### THE DATA ###

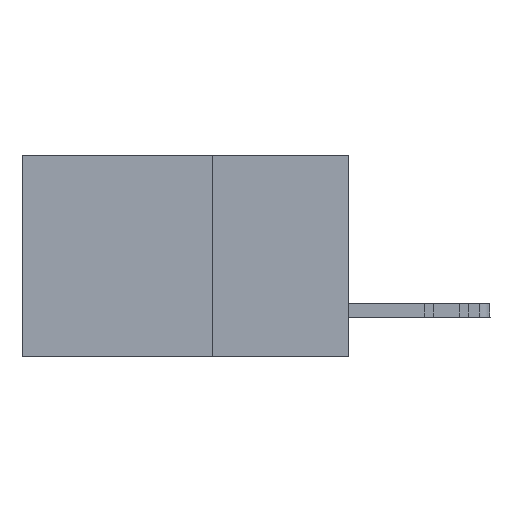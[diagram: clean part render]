
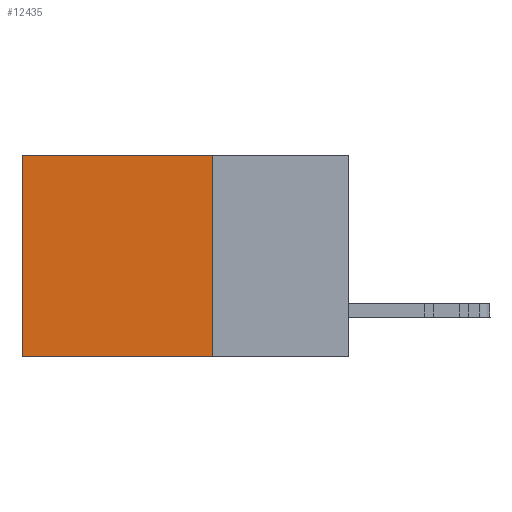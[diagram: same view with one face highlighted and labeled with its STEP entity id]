
A CAD part, left-side view. The second image highlights one B-rep face of the part: STEP entity #12435.
In plain terms, the highlighted planar face has unit normal (-1, 0, 0).
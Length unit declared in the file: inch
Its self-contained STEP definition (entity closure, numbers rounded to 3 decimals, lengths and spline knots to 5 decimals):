
#342 = VERTEX_POINT ( 'NONE', #17210 ) ;
#854 = VECTOR ( 'NONE', #8319, 39.37008 ) ;
#3835 = DIRECTION ( 'NONE',  ( 0., 0., -1. ) ) ;
#3863 = CARTESIAN_POINT ( 'NONE',  ( 0.298, 0.25, 0. ) ) ;
#4414 = ORIENTED_EDGE ( 'NONE', *, *, #4696, .T. ) ;
#4590 = ORIENTED_EDGE ( 'NONE', *, *, #9929, .F. ) ;
#4696 = EDGE_CURVE ( 'NONE', #27656, #26320, #17406, .T. ) ;
#6914 = EDGE_CURVE ( 'NONE', #26320, #342, #26119, .T. ) ;
#7678 = PLANE ( 'NONE',  #26083 ) ;
#7841 = CARTESIAN_POINT ( 'NONE',  ( 0.298, 0.6, 0. ) ) ;
#8319 = DIRECTION ( 'NONE',  ( 0., 1., 0. ) ) ;
#9403 = CARTESIAN_POINT ( 'NONE',  ( 0.298, 0.25, 0. ) ) ;
#9897 = EDGE_LOOP ( 'NONE', ( #17667, #18259, #4590, #4414 ) ) ;
#9929 = EDGE_CURVE ( 'NONE', #27656, #21286, #24869, .T. ) ;
#11693 = VECTOR ( 'NONE', #3835, 39.37008 ) ;
#12435 = ADVANCED_FACE ( 'NONE', ( #16497 ), #7678, .F. ) ;
#13140 = CARTESIAN_POINT ( 'NONE',  ( 0.298, 0.25, 0. ) ) ;
#14768 = LINE ( 'NONE', #23426, #17312 ) ;
#15189 = CARTESIAN_POINT ( 'NONE',  ( 0.298, 0.25, -0.37 ) ) ;
#15358 = CARTESIAN_POINT ( 'NONE',  ( 0.298, 0.6, 0. ) ) ;
#16115 = EDGE_CURVE ( 'NONE', #21286, #342, #14768, .T. ) ;
#16497 = FACE_OUTER_BOUND ( 'NONE', #9897, .T. ) ;
#17210 = CARTESIAN_POINT ( 'NONE',  ( 0.298, 0.6, -0.37 ) ) ;
#17312 = VECTOR ( 'NONE', #23970, 39.37008 ) ;
#17406 = LINE ( 'NONE', #26043, #854 ) ;
#17667 = ORIENTED_EDGE ( 'NONE', *, *, #6914, .T. ) ;
#18259 = ORIENTED_EDGE ( 'NONE', *, *, #16115, .F. ) ;
#20447 = VECTOR ( 'NONE', #24010, 39.37008 ) ;
#21286 = VERTEX_POINT ( 'NONE', #15189 ) ;
#22746 = DIRECTION ( 'NONE',  ( 0., 0., -1. ) ) ;
#23319 = DIRECTION ( 'NONE',  ( 1., 0., 0. ) ) ;
#23426 = CARTESIAN_POINT ( 'NONE',  ( 0.298, 0.25, -0.37 ) ) ;
#23970 = DIRECTION ( 'NONE',  ( 0., 1., 0. ) ) ;
#24010 = DIRECTION ( 'NONE',  ( 0., 0., -1. ) ) ;
#24869 = LINE ( 'NONE', #9403, #11693 ) ;
#26043 = CARTESIAN_POINT ( 'NONE',  ( 0.298, 0.25, 0. ) ) ;
#26083 = AXIS2_PLACEMENT_3D ( 'NONE', #3863, #23319, #22746 ) ;
#26119 = LINE ( 'NONE', #15358, #20447 ) ;
#26320 = VERTEX_POINT ( 'NONE', #7841 ) ;
#27656 = VERTEX_POINT ( 'NONE', #13140 ) ;

###

## YOUR TASK
After dropping the pictures, please set down the lines from the beginning of the listing through the line containing "Length unit declared in the file: inch", both included, exactly as they stand.

## SOLUTION
[diagram: clean part render]
[diagram: same view with one face highlighted and labeled with its STEP entity id]
A CAD part, left-side view. The second image highlights one B-rep face of the part: STEP entity #12435.
In plain terms, the highlighted planar face has unit normal (-1, 0, 0).
Length unit declared in the file: inch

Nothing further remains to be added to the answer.